[LISTED RECORDS — start]

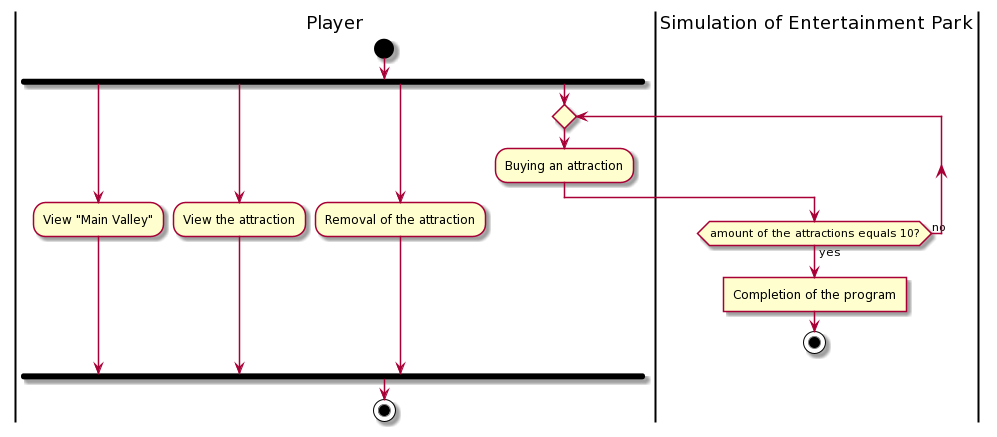

The diagram above was rendered by PlantUML. Its source (embedded in the PNG):
@startuml
|Player|
start
fork
:View "Main Valley";
forkagain
:View the attraction;
forkagain
:Removal of the attraction;
forkagain
repeat
:Buying an attraction;
|Simulation of Entertainment Park|
repeat while (amount of the attractions equals 10?) is (no) not (yes)
:Completion of the program]
stop
|Player|
endfork
stop
@enduml

[LISTED RECORDS — finish]

- [WHAT IS BEING ASKED] Set down every line above exactly, pictures excluded.

- [ANSWER SPACE]
The diagram above was rendered by PlantUML. Its source (embedded in the PNG):
@startuml
|Player|
start
fork
:View "Main Valley";
forkagain
:View the attraction;
forkagain
:Removal of the attraction;
forkagain
repeat
:Buying an attraction;
|Simulation of Entertainment Park|
repeat while (amount of the attractions equals 10?) is (no) not (yes)
:Completion of the program]
stop
|Player|
endfork
stop
@enduml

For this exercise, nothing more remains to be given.